> Exercise instructions:
Scan the lines below for the string "layers" and copy every one that has it.

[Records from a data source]

►

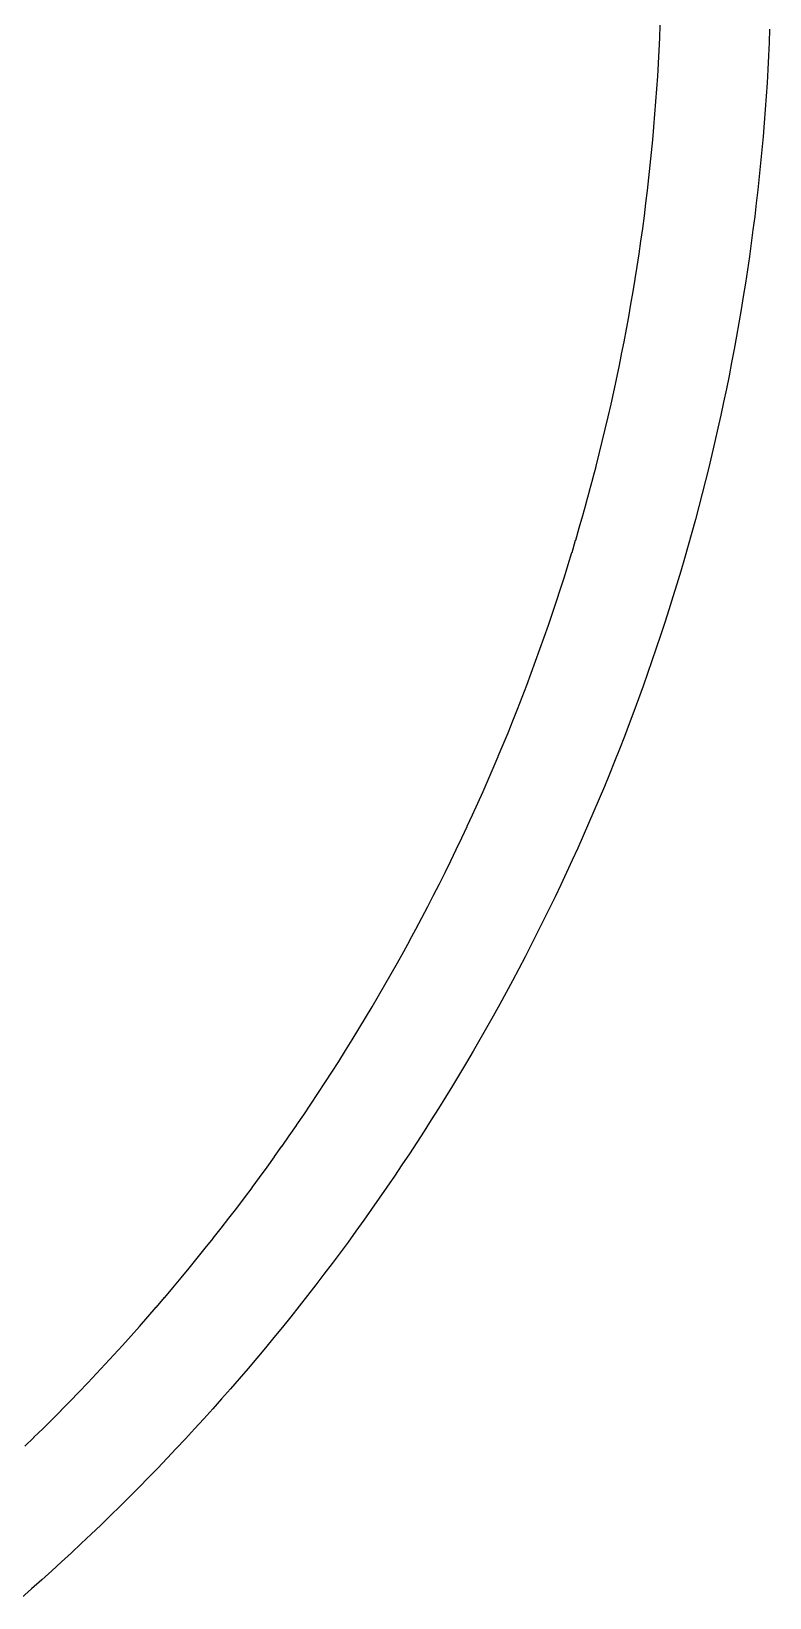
# Model space of a CAD drawing. Header units: millimetres. Extents: x -65 to 65, y -65 to 65.
# Drawn here: x 43.05 to 64.96, y -48.96 to -2.46 of the extents above; entities that cross this region are included whole.
import ezdxf

# ---------------------------------------------------------------- set-up
doc = ezdxf.new("R2010")
doc.units = ezdxf.units.MM
doc.layers.add('CUT_INNER', color=6, linetype='Continuous')
doc.layers.add('CUT_OUTER', color=1, linetype='Continuous')

msp = doc.modelspace()

# ---------------------------------------------------------------- linework, layer by layer
at = {"layer": 'CUT_INNER'}
msp.add_lwpolyline([(42.8533, -44.4596), (43.1242, -44.1969), (43.1253, -44.1958), (43.3946, -43.9315), (43.3956, -43.9304), (43.6633, -43.6644), (43.6644, -43.6633), (43.9304, -43.3956), (43.9315, -43.3946), (44.1958, -43.1253), (44.1969, -43.1242), (44.4596, -42.8533), (44.4607, -42.8522), (44.7217, -42.5797), (44.7228, -42.5786), (44.9821, -42.3045), (44.9832, -42.3034), (45.2409, -42.0277), (45.2419, -42.0265), (45.4979, -41.7493), (45.4989, -41.7482), (45.7532, -41.4693), (45.7542, -41.4682), (46.0068, -41.1878), (46.0078, -41.1867), (46.2587, -40.9047), (46.2597, -40.9036), (46.5088, -40.6201), (46.5098, -40.619), (46.7571, -40.334), (46.7581, -40.3328), (47.0037, -40.0463), (47.0047, -40.0452), (47.2486, -39.7572), (47.2496, -39.756), (47.4916, -39.4665), (47.4926, -39.4653), (47.7329, -39.1744), (47.7339, -39.1732), (47.9724, -38.8808), (47.9733, -38.8796), (48.21, -38.5857), (48.211, -38.5845), (48.4459, -38.2891), (48.4468, -38.2879), (48.6799, -37.9912), (48.6809, -37.9899), (48.9121, -37.6917), (48.913, -37.6905), (49.1425, -37.3909), (49.1434, -37.3897), (49.371, -37.0887), (49.3719, -37.0875), (49.5976, -36.785), (49.5985, -36.7838), (49.8224, -36.48), (49.8233, -36.4788), (50.0453, -36.1736), (50.0462, -36.1724), (50.2663, -35.8659), (50.2672, -35.8646), (50.4854, -35.5568), (50.4863, -35.5555), (50.7026, -35.2463), (50.7035, -35.2451), (50.918, -34.9346), (50.9188, -34.9333), (51.1313, -34.6215), (51.1322, -34.6202), (51.3428, -34.3071), (51.3437, -34.3058), (51.5524, -33.9914), (51.5532, -33.9901), (51.76, -33.6745), (51.7608, -33.6732), (51.9656, -33.3562), (51.9664, -33.3549), (52.1693, -33.0367), (52.1701, -33.0355), (52.371, -32.716), (52.3718, -32.7147), (52.5708, -32.3941), (52.5716, -32.3928), (52.7686, -32.0709), (52.7694, -32.0696), (52.9643, -31.7465), (52.9651, -31.7452), (53.1581, -31.4209), (53.1589, -31.4196), (53.3499, -31.0942), (53.3507, -31.0928), (53.5397, -30.7662), (53.5405, -30.7649), (53.7275, -30.4371), (53.7282, -30.4358), (53.9132, -30.1069), (53.914, -30.1056), (54.097, -29.7755), (54.0977, -29.7742), (54.2786, -29.443), (54.2794, -29.4417), (54.4583, -29.1094), (54.459, -29.1081), (54.6359, -28.7747), (54.6366, -28.7734), (54.8114, -28.4389), (54.8121, -28.4376), (54.9849, -28.1021), (54.9856, -28.1007), (55.1563, -27.7642), (55.1569, -27.7628), (55.3256, -27.4252), (55.3263, -27.4239), (55.4928, -27.0852), (55.4935, -27.0839), (55.658, -26.7442), (55.6586, -26.7429), (55.821, -26.4022), (55.8217, -26.4008), (55.982, -26.0592), (55.9826, -26.0578), (56.1408, -25.7152), (56.1414, -25.7138), (56.2975, -25.3703), (56.2982, -25.3689), (56.4521, -25.0244), (56.4528, -25.0229), (56.6046, -24.6775), (56.6052, -24.6761), (56.755, -24.3297), (56.7556, -24.3283), (56.9032, -23.981), (56.9038, -23.9796), (57.0493, -23.6314), (57.0499, -23.63), (57.1932, -23.2809), (57.1938, -23.2795), (57.335, -22.9295), (57.3355, -22.9281), (57.4746, -22.5773), (57.4751, -22.5759), (57.612, -22.2242), (57.6126, -22.2228), (57.7473, -21.8703), (57.7479, -21.8689), (57.8804, -21.5156), (57.8809, -21.5141), (58.0113, -21.16), (58.0119, -21.1586), (58.1401, -20.8037), (58.1406, -20.8022), (58.2666, -20.4465), (58.2671, -20.4451), (58.391, -20.0886), (58.3915, -20.0872), (58.5132, -19.73), (58.5137, -19.7285), (58.6331, -19.3706), (58.6336, -19.3691), (58.7509, -19.0104), (58.7513, -19.009), (58.8664, -18.6496), (58.8669, -18.6481), (58.9797, -18.288), (58.9802, -18.2866), (59.0908, -17.9258), (59.0913, -17.9243), (59.1997, -17.5629), (59.2002, -17.5614), (59.3064, -17.1993), (59.3068, -17.1979), (59.4108, -16.8351), (59.4112, -16.8336), (59.513, -16.4703), (59.5134, -16.4688), (59.6129, -16.1048), (59.6133, -16.1033), (59.7106, -15.7387), (59.711, -15.7372), (59.806, -15.372), (59.8064, -15.3705), (59.8992, -15.0048), (59.8996, -15.0033), (59.9902, -14.637), (59.9905, -14.6355), (60.0789, -14.2686), (60.0792, -14.2671), (60.1653, -13.8997), (60.1656, -13.8982), (60.2494, -13.5302), (60.2498, -13.5288), (60.3313, -13.1603), (60.3316, -13.1588), (60.4109, -12.7899), (60.4113, -12.7884), (60.4883, -12.419), (60.4886, -12.4175), (60.5633, -12.0476), (60.5636, -12.0461), (60.6361, -11.6757), (60.6364, -11.6742), (60.7066, -11.3035), (60.7069, -11.302), (60.7748, -10.9308), (60.7751, -10.9293), (60.8408, -10.5577), (60.841, -10.5561), (60.9044, -10.1841), (60.9046, -10.1826), (60.9657, -9.8102), (60.966, -9.8087), (61.0248, -9.436), (61.025, -9.4345), (61.0815, -9.0614), (61.0818, -9.0598), (61.136, -8.6864), (61.1362, -8.6849), (61.1881, -8.3111), (61.1883, -8.3096), (61.238, -7.9355), (61.2382, -7.934), (61.2855, -7.5596), (61.2857, -7.5581), (61.3307, -7.1834), (61.3309, -7.1819), (61.3737, -6.807), (61.3738, -6.8055), (61.4143, -6.4303), (61.4144, -6.4287), (61.4526, -6.0533), (61.4527, -6.0518), (61.4886, -5.6761), (61.4887, -5.6746), (61.5222, -5.2987), (61.5224, -5.2972), (61.5536, -4.9212), (61.5537, -4.9196), (61.5826, -4.5434), (61.5827, -4.5418), (61.6093, -4.1654), (61.6094, -4.1639), (61.6337, -3.7873), (61.6338, -3.7858), (61.6558, -3.4091), (61.6559, -3.4075), (61.6756, -3.0307), (61.6757, -3.0292), (61.693, -2.6522), (61.6931, -2.6507), (61.7081, -2.2736)], dxfattribs=at)
at = {"layer": 'CUT_OUTER'}
msp.add_lwpolyline([(64.956, -2.3917), (64.9401, -2.7902), (64.9217, -3.1886), (64.901, -3.5869), (64.8777, -3.9851), (64.852, -4.3831), (64.8239, -4.7809), (64.7934, -5.1786), (64.7604, -5.5761), (64.7249, -5.9733), (64.6871, -6.3704), (64.6468, -6.7671), (64.604, -7.1637), (64.5589, -7.56), (64.5113, -7.9559), (64.4612, -8.3516), (64.4088, -8.747), (64.3539, -9.142), (64.2966, -9.5367), (64.2369, -9.9311), (64.1747, -10.325), (64.1102, -10.7186), (64.0432, -11.1118), (63.9738, -11.5045), (63.902, -11.8968), (63.8278, -12.2887), (63.7512, -12.6801), (63.6722, -13.0711), (63.5908, -13.4615), (63.507, -13.8514), (63.4208, -14.2408), (63.3322, -14.6297), (63.2413, -15.018), (63.1479, -15.4058), (63.0522, -15.793), (62.9541, -16.1796), (62.8537, -16.5655), (62.7508, -16.9509), (62.6456, -17.3356), (62.5381, -17.7197), (62.4282, -18.103), (62.3159, -18.4858), (62.2013, -18.8678), (62.0844, -19.2491), (61.9651, -19.6297), (61.8435, -20.0095), (61.7196, -20.3886), (61.5933, -20.7669), (61.4647, -21.1444), (61.3338, -21.5212), (61.2006, -21.8971), (61.0651, -22.2722), (60.9273, -22.6465), (60.7872, -23.0199), (60.6448, -23.3925), (60.5001, -23.7641), (60.3532, -24.1349), (60.204, -24.5048), (60.0525, -24.8737), (59.8987, -25.2417), (59.7427, -25.6088), (59.5844, -25.9749), (59.4239, -26.34), (59.2612, -26.7041), (59.0962, -27.0672), (58.929, -27.4293), (58.7596, -27.7904), (58.588, -28.1504), (58.4142, -28.5094), (58.2381, -28.8673), (58.0599, -29.2241), (57.8795, -29.5798), (57.6969, -29.9343), (57.5122, -30.2878), (57.3252, -30.6401), (57.1362, -30.9913), (56.9449, -31.3413), (56.7515, -31.6901), (56.556, -32.0377), (56.3584, -32.3841), (56.1586, -32.7293), (55.9567, -33.0733), (55.7528, -33.416), (55.5467, -33.7575), (55.3385, -34.0977), (55.1282, -34.4366), (54.9159, -34.7742), (54.7015, -35.1105), (54.485, -35.4455), (54.2665, -35.7791), (54.0459, -36.1114), (53.8234, -36.4424), (53.5987, -36.7719), (53.3721, -37.1001), (53.1435, -37.4269), (52.9128, -37.7523), (52.6802, -38.0762), (52.4455, -38.3988), (52.2089, -38.7198), (51.9704, -39.0395), (51.7299, -39.3576), (51.4874, -39.6743), (51.243, -39.9894), (50.9967, -40.3031), (50.7484, -40.6153), (50.4982, -40.9259), (50.2462, -41.235), (49.9922, -41.5425), (49.7364, -41.8485), (49.4786, -42.1529), (49.2191, -42.4557), (48.9576, -42.7569), (48.6944, -43.0565), (48.4293, -43.3544), (48.1623, -43.6508), (47.8936, -43.9455), (47.623, -44.2385), (47.3507, -44.5299), (47.0766, -44.8196), (46.8007, -45.1076), (46.523, -45.3939), (46.2436, -45.6785), (45.9625, -45.9614), (45.6796, -46.2426), (45.395, -46.522), (45.1087, -46.7996), (44.8207, -47.0755), (44.531, -47.3497), (44.2396, -47.622), (43.9466, -47.8926), (43.6519, -48.1613), (43.3556, -48.4282), (43.0576, -48.6934), (42.758, -48.9566)], dxfattribs=at)

doc.saveas('drawing.dxf')

◄

> Problem solution:
doc.layers.add('CUT_INNER', color=6, linetype='Continuous')
doc.layers.add('CUT_OUTER', color=1, linetype='Continuous')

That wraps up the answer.